3Blue1Brown

# How colliding blocks act like a beam of light...to compute pi.

You know that feeling when you have two mirrors facing each other, and it gives the illusion of there being an infinite tunnel of rooms? If they’re at an angle with each other, it makes you feel like you’re part of a strange kaleidoscopic world with many copies of yourself all separated by angled pieces of glass. What many people may not realize is that the idea underlying this illusion can be quite helpful for solving serious problems in math.

We’ve already had two lessons describing the block collision problem with its wonderfully surprising answer. Big block comes in from the right, lots of clacks, the total number of clacks looks like $\pi$, and we want to know why.

Here we see one more perspective explaining what’s going on, whereas if the connection to $\pi$ wasn’t surprising enoughwe add one more unexpected connection to optics.
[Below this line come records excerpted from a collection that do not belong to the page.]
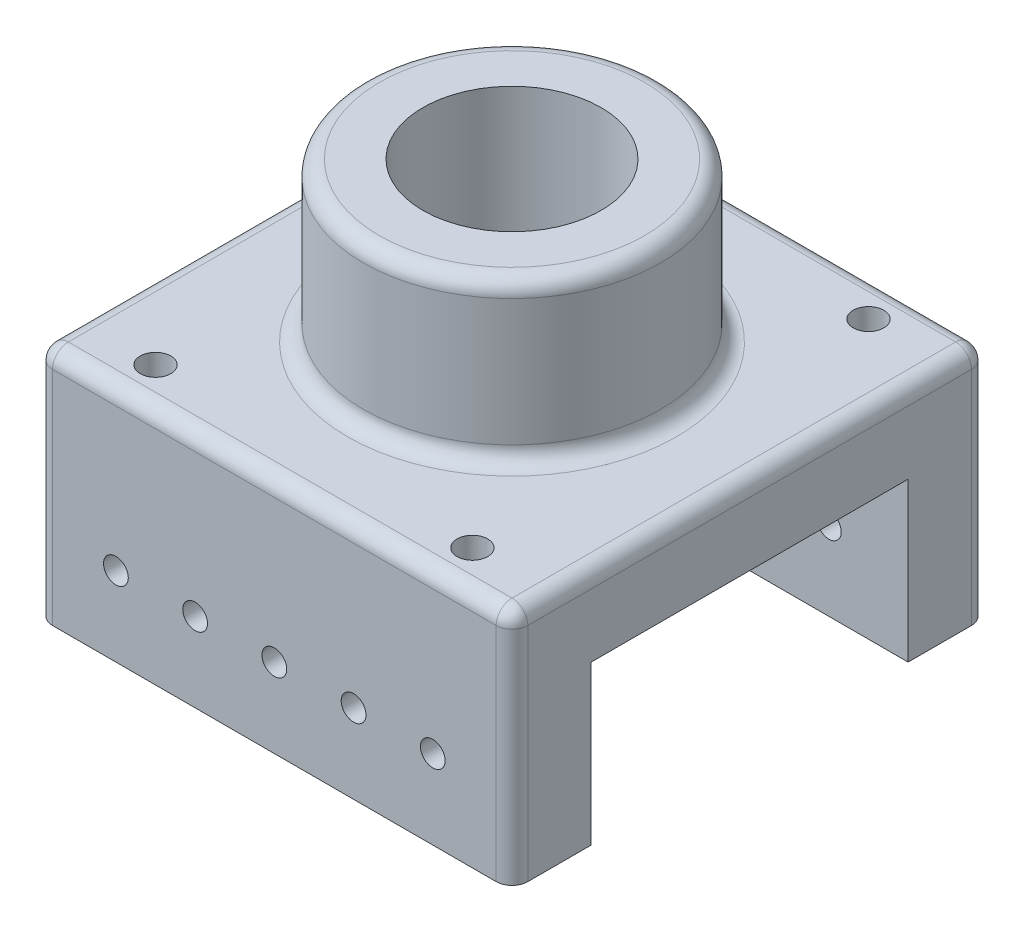
SolidWorks part; units mm, degrees
ref_plane "Front" through (0, 0, 0) normal (0, 0, 1) x (1, 0, 0)
ref_plane "Top" through (0, 0, 0) normal (0, 1, 0) x (1, 0, 0)
ref_plane "Right" through (0, 0, 0) normal (1, 0, 0) x (0, 0, -1)
sketch "Sketch1"
sketch_block_instance "Block1-1"
sketch_block "Block1" parameters "D1"=127, "D2"=50.8
sketch "Sketch2" plane through (0, 0, 0) normal (0, 1, 0) x (1, 0, 0)
  line L0 (-63.5, 25.4) -> (63.5, 25.4) construction
  line L1 (-38.1, 38.1) -> (38.1, 38.1)
  line L2 (-38.1, 38.1) -> (-38.1, -38.1)
  line L3 (-38.1, -38.1) -> (38.1, -38.1)
  line L4 (38.1, 38.1) -> (38.1, -38.1)
  line L5 (-38.1, 38.1) -> (38.1, -38.1) construction
  line L6 (-38.1, -38.1) -> (38.1, 38.1) construction
  circle A0 centre (0, 0) radius 14.2875
  point P0 (0, 0)
  dimension "D2" = 28.575
  dimension "D1" = 76.2
  dimension "D3" = 12.7
  dimension "D4" = 76.2
extrude "Boss-Extrude1" add sketch "Sketch2" along normal blind 12.7
sketch "Sketch3" plane through (0, 12.7, 0) normal (0, 1, 0) x (1, 0, 0)
  line L4 (38.1, -38.1) -> (38.1, 38.1)
  line L5 (38.1, 38.1) -> (-38.1, 38.1)
  line L6 (-38.1, 38.1) -> (-38.1, -38.1)
  line L7 (-38.1, -38.1) -> (38.1, -38.1)
  line L8 (38.1, -38.1) -> (38.1, 38.1)
  line L9 (38.1, 38.1) -> (-38.1, 38.1)
  line L10 (-38.1, 38.1) -> (-38.1, -38.1)
  line L11 (-38.1, -38.1) -> (38.1, -38.1)
  circle A0 centre (0, 0) radius 14.2875 construction
  circle A1 centre (0, 0) radius 14.2875
  circle A2 centre (0, 0) radius 23.8125
  circle M9 centre (0, 0) radius 14.2875
  dimension "D1" = 0
  dimension "D2" = 9.525
extrude "Boss-Extrude2" add sketch "Sketch3" along normal blind 25.4 contours A2 M9
sketch "Sketch4" plane through (0, 0, 0) normal (0, -1, 0) x (1, 0, 0)
  line L0 (-63.5, -25.4) -> (63.5, -25.4) construction
  line L1 (38.1, -25.4) -> (-38.1, -25.4)
  line L2 (38.1, -25.4) -> (38.1, -38.1)
  line L3 (38.1, -38.1) -> (-38.1, -38.1)
  line L4 (-38.1, -25.4) -> (-38.1, -38.1)
  line L5 (38.1, 38.1) -> (38.1, -38.1) construction
  line L6 (-63.5, 25.4) -> (63.5, 25.4) construction
  line L7 (38.1, 25.4) -> (-38.1, 25.4)
  line L8 (38.1, 25.4) -> (38.1, 38.1)
  line L9 (38.1, 38.1) -> (-38.1, 38.1)
  line L10 (-38.1, 25.4) -> (-38.1, 38.1)
  line L11 (-38.1, -38.1) -> (-38.1, 38.1) construction
  line L12 (-38.1, 38.1) -> (38.1, 38.1) construction
extrude "Boss-Extrude3" add sketch "Sketch4" along normal blind 25.4
hole_wizard "#10 (0.1935) Diameter Hole1" positions "Sketch5" profile "Sketch6" hole size "#10" standard "ANSI Inch" end condition through all
sketch "Sketch5" plane through (0, -25.4, 0) normal (0, -1, 0) x (-1, 0, 0)
  line L0 (-38.1, 31.75) -> (38.1, 31.75) construction
  line L1 (-38.1, 38.1) -> (-38.1, 25.4) construction
  line L2 (38.1, 25.4) -> (38.1, 38.1) construction
  line L5 (0, 38.1) -> (0, 25.4) construction
  line L6 (38.1, 38.1) -> (-38.1, 38.1) construction
  line L7 (63.5, 25.4) -> (-63.5, 25.4) construction
  line L8 (-38.1, 0) -> (38.1, 0) construction
  line L9 (-38.1, -25.4) -> (-38.1, 25.4) construction
  line L10 (38.1, 25.4) -> (38.1, -25.4) construction
  point P17 (-25.4, 31.75)
  point P19 (25.4, 31.75)
  point P28 (25.4, -31.75)
  point P29 (-25.4, -31.75)
  dimension "D1" = 50.8
sketch "Sketch6" plane through (25.4, -25.4, -31.75) normal (1, 0, 0) x (0, 0, -1)
  line L0 (0, 0) -> (0, 63.5)
  line L1 (0, 63.5) -> (2.4574, 63.5)
  line L2 (2.4574, 63.5) -> (2.4574, 0)
  line L5 (2.4574, 0) -> (0, 0)
  line L11 (0, -6.35) -> (0, 107.95) construction
  dimension "Thru Hole Dia." = 4.9149
  dimension "Thru Hole Depth" = 63.5
fillet "Fillet1" radius 2.54 6 edges at (38.1, -6.35, 38.1) (-38.1, -6.35, 38.1) (-38.1, -6.35, -38.1) (38.1, -6.35, -38.1) (0, 12.7, 23.8125) (0, 38.1, 23.8125)
fillet "Fillet2" radius 2.54 8 edges at (37.3561, 12.7, -37.3561) (38.1, 12.7, 0) (37.3561, 12.7, 37.3561) (0, 12.7, 38.1) (-37.3561, 12.7, 37.3561) (-38.1, 12.7, 0) (-37.3561, 12.7, -37.3561) (0, 12.7, -38.1)
hole_wizard "5/32 (0.15625) Diameter Hole1" positions "Sketch7" profile "Sketch8" hole size "5/32" standard "ANSI Inch" end condition through all
sketch "Sketch7" plane through (0, 0, -38.1) normal (0, 0, -1) x (-1, 0, 0)
  line L1 (0, -25.4) -> (0, -12.7) construction
  line L2 (35.56, -25.4) -> (-35.56, -25.4) construction
  point P4 (0, -12.7)
  point P15 (12.7, -12.7)
  point P16 (25.4, -12.7)
  point P20 (-12.7, -12.7)
  point P21 (-25.4, -12.7)
  dimension "D1" = 12.7
  dimension "D2" = 3
  dimension "D3" = 3
sketch "Sketch8" plane through (0, -12.7, -38.1) normal (1, 0, 0) x (0, 1, 0)
  line L0 (0, 0) -> (0, 76.2)
  line L1 (0, 76.2) -> (1.9844, 76.2)
  line L2 (1.9844, 76.2) -> (1.9844, 0)
  line L5 (1.9844, 0) -> (0, 0)
  line L11 (0, -6.35) -> (0, 107.95) construction
  dimension "Thru Hole Dia." = 3.9688
  dimension "Thru Hole Depth" = 76.2
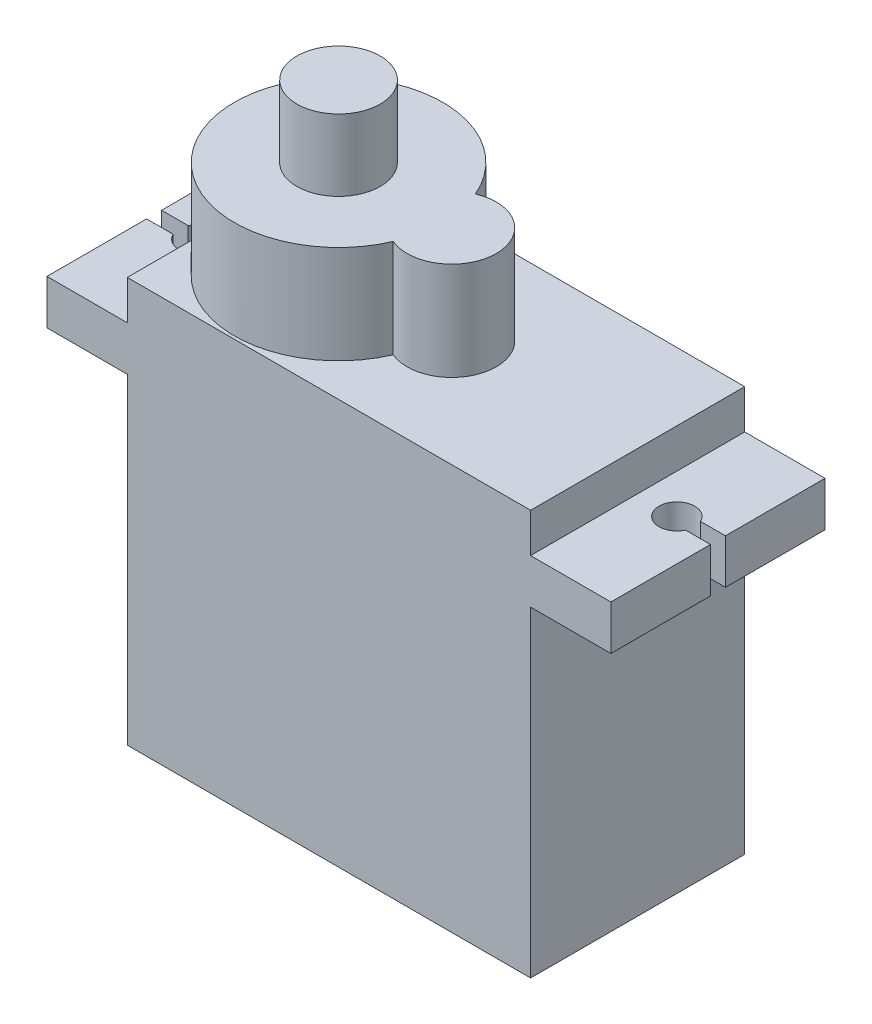
SolidWorks part; units mm, degrees
ref_plane "Front Plane" through (0, 0, 0) normal (0, 0, 1) x (1, 0, 0)
ref_plane "Top Plane" through (0, 0, 0) normal (0, 1, 0) x (1, 0, 0)
ref_plane "Right Plane" through (0, 0, 0) normal (1, 0, 0) x (0, 0, -1)
sketch "Sketch1" plane through (0, 0, 0) normal (0, 1, 0) x (1, 0, 0)
  line L1 (-46.1955, 4.7431) -> (-23.5955, 4.7431)
  line L2 (-46.1955, 4.7431) -> (-46.1955, -7.2569)
  line L3 (-46.1955, -7.2569) -> (-23.5955, -7.2569)
  line L4 (-23.5955, 4.7431) -> (-23.5955, -7.2569)
extrude "Boss-Extrude1" add sketch "Sketch1" along normal blind 22.7
ref_plane "Plane1" through (-23.5955, 22.7, -4.7431) normal (0, -1, 0) x (1, 0, 0)
sketch "Sketch2" plane through (-23.5955, 22.7, -4.7431) normal (0, -1, 0) x (1, 0, 0)
ref_plane "Plane2" through (-46.1955, 22.7, -4.7431) normal (0, 0, 1) x (1, 0, 0)
sketch "Sketch3" plane through (-46.1955, 22.7, -4.7431) normal (0, 0, 1) x (1, 0, 0)
sketch "Sketch4" plane through (0, 22.7, 0) normal (0, 1, 0) x (-1, 0, 0)
  line L0 (46.1955, 1.2569) -> (40.3555, 1.2569)
  line L1 (46.1955, -4.7431) -> (46.1955, 7.2569) construction
  circle A0 centre (40.3555, 1.2569) radius 5.84
extrude "Boss-Extrude6" add sketch "Sketch4" along normal blind 5.5
sketch "Sketch12" plane through (0, 28.2, 0) normal (0, 1, 0) x (-1, 0, 0)
  circle A0 centre (40.3555, 1.2569) radius 2.335
extrude "Boss-Extrude7" add sketch "Sketch12" along normal blind 4
sketch "Sketch13" plane through (0, 22.7, 0) normal (0, 1, 0) x (-1, 0, 0)
  line L0 (34.5155, 1.2569) -> (34.0155, 1.2569)
  circle A0 centre (40.3555, 1.2569) radius 5.84 construction
  circle A1 centre (34.0155, 1.2569) radius 2.5
extrude "Boss-Extrude8" add sketch "Sketch13" along normal blind 5.5
sketch "Sketch14" plane through (-23.5955, 0, 0) normal (1, 0, 0) x (0, 0, -1)
  line L0 (-7.2569, 22.7) -> (-7.2569, 20.5)
  line L1 (-7.2569, 22.7) -> (-7.2569, 0) construction
  line L2 (4.7431, 22.7) -> (4.7431, 0) construction
  line L3 (-7.2569, 20.5) -> (4.7431, 20.5)
  line L4 (-7.2569, 20.5) -> (-7.2569, 18)
  line L5 (-7.2569, 18) -> (4.7431, 18)
  line L6 (4.7431, 20.5) -> (4.7431, 18)
  line L7 (-7.2569, 0) -> (4.7431, 0) construction
  line L8 (-7.2569, 22.7) -> (4.7431, 22.7) construction
  line M2 (4.7431, 0) -> (4.7431, 22.7)
  line M4 (-7.2569, 22.7) -> (-7.2569, 0)
  dimension "D3" = 2.2
extrude "Boss-Extrude10" add sketch "Sketch14" along normal blind 4.5 contours L5 L3 M4 M2
sketch "Sketch15" plane through (0, 20.5, 0) normal (0, 1, 0) x (-1, 0, 0)
  line L0 (19.0955, 7.2569) -> (19.0955, -4.7431) construction
  line L1 (19.0955, 1.2569) -> (20.5955, 1.2569)
  line L2 (19.0955, 1.6769) -> (19.0955, 0.8369)
  line L3 (19.0955, 0.8369) -> (20.5955, 0.8369)
  line L4 (50.6955, 1.2569) -> (48.3955, 1.2569)
  line L5 (20.5955, 1.6769) -> (20.5955, 0.8369)
  line L6 (19.0955, 1.6769) -> (20.5955, 1.6769)
  line L7 (19.0955, 1.2569) -> (21.3955, 1.2569)
  circle A0 centre (21.3955, 1.2569) radius 1
  circle A1 centre (48.3955, 1.2569) radius 1
extrude "Cut-Extrude3" cut sketch "Sketch15" along direction (0, 1, 0) on the side against the normal through all
sketch "Sketch16" plane through (-46.1955, 0, 0) normal (-1, 0, 0) x (0, 0, 1)
  line L0 (7.2569, 24.5) -> (7.2569, 20.5)
  line L1 (7.2569, 22.7) -> (7.2569, 0) construction
  line L2 (7.2569, 20.5) -> (7.2569, 18)
  line L3 (7.2569, 20.5) -> (-4.7431, 20.5)
  line L4 (-4.7431, 22.7) -> (-4.7431, 0) construction
  line L5 (7.2569, 18) -> (-4.7431, 18)
  line L6 (-4.7431, 0) -> (7.2569, 0) construction
  line L7 (-4.7431, 22.7) -> (1.2569, 22.7) construction
  line M2 (7.2569, 0) -> (7.2569, 22.7)
  line M5 (-4.7431, 22.7) -> (-4.7431, 0)
  dimension "D3" = 2.2
extrude "Boss-Extrude11" add sketch "Sketch16" along normal blind 4.5 contours L5 L3 M2 M5
sketch "Sketch17" plane through (0, 20.5, 0) normal (0, 1, 0) x (-1, 0, 0)
  line L0 (50.6955, 0.8369) -> (50.6955, 1.6769)
  line L1 (50.6955, 1.2569) -> (49.1955, 1.2569)
  line L2 (50.6955, 1.6769) -> (49.1955, 1.6769)
  line L3 (49.1955, 0.8369) -> (49.1955, 1.6769)
  line L4 (50.6955, 7.2569) -> (50.6955, -4.7431) construction
  line L5 (50.6955, 0.8369) -> (49.1955, 0.8369)
  line L6 (50.6955, 1.2569) -> (48.2955, 1.2569)
  circle A0 centre (48.2955, 1.2569) radius 1
extrude "Cut-Extrude4" cut sketch "Sketch17" along direction (0, -1, 0) on the side against the normal through all
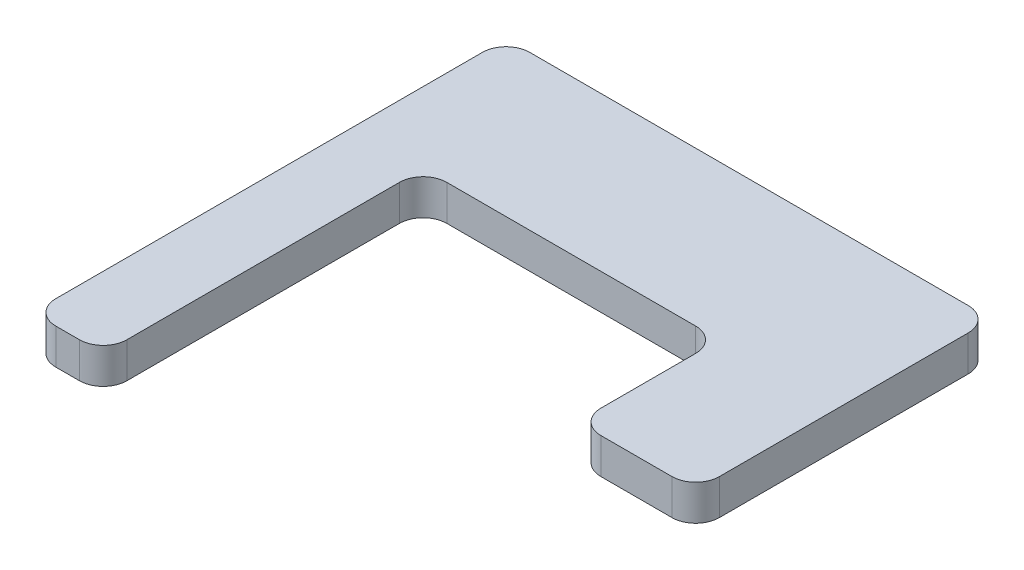
SolidWorks part; units mm, degrees
ref_plane "Front Plane" through (0, 0, 0) normal (0, 0, 1) x (1, 0, 0)
ref_plane "Top Plane" through (0, 0, 0) normal (0, 1, 0) x (1, 0, 0)
ref_plane "Right Plane" through (0, 0, 0) normal (1, 0, 0) x (0, 0, -1)
sketch "Sketch1" plane through (0, 0, 0) normal (0, 1, 0) x (1, 0, 0)
  line L0 (-19.3489, 6.0134) -> (21.6511, 6.0134)
  line L1 (21.6511, 6.0134) -> (21.6511, -18.9866)
  line L2 (21.6511, -18.9866) -> (11.6511, -18.9866)
  line L3 (11.6511, -18.9866) -> (11.6511, -6.9866)
  line L4 (11.6511, -6.9866) -> (-13.3489, -6.9866)
  line L5 (-13.3489, -6.9866) -> (-13.3489, -33.9866)
  line L6 (-13.3489, -33.9866) -> (-19.3489, -33.9866)
  line L7 (-19.3489, -33.9866) -> (-19.3489, 6.0134)
  point P6 (16.6511, -18.9866)
  dimension "D1" = 31
  dimension "D2" = 6
  dimension "D3" = 41
  dimension "D4" = 40
  dimension "D5" = 13
  dimension "D6" = 25
extrude "Boss-Extrude1" add sketch "Sketch1" along normal blind 3
fillet "Fillet1" radius 2 8 edges at (11.6511, 1.5, 6.9866) (-13.3489, 1.5, 6.9866) (21.6511, 1.5, -6.0134) (21.6511, 1.5, 18.9866) (11.6511, 1.5, 18.9866) (-13.3489, 1.5, 33.9866) (-19.3489, 1.5, 33.9866) (-19.3489, 1.5, -6.0134)

But we’re doing more than just answering the same question twice. This alternate solution gives a richer understanding that can let you answer other questions about the setup, and it’s also core to how I coded accurate simulations of these blocks without requiring absurdly small time steps and huge computation time.

## Position Phase Space

Last time we used a coordinate plane where each point encodes a pair of velocities. Here, we use a coordinate plane where each point encodes the positions of both blocks. Again, the idea is that by representing the states of a changing system with individual points in some space, problems in dynamics turn into problems in geometry, which are hopefully more solvable.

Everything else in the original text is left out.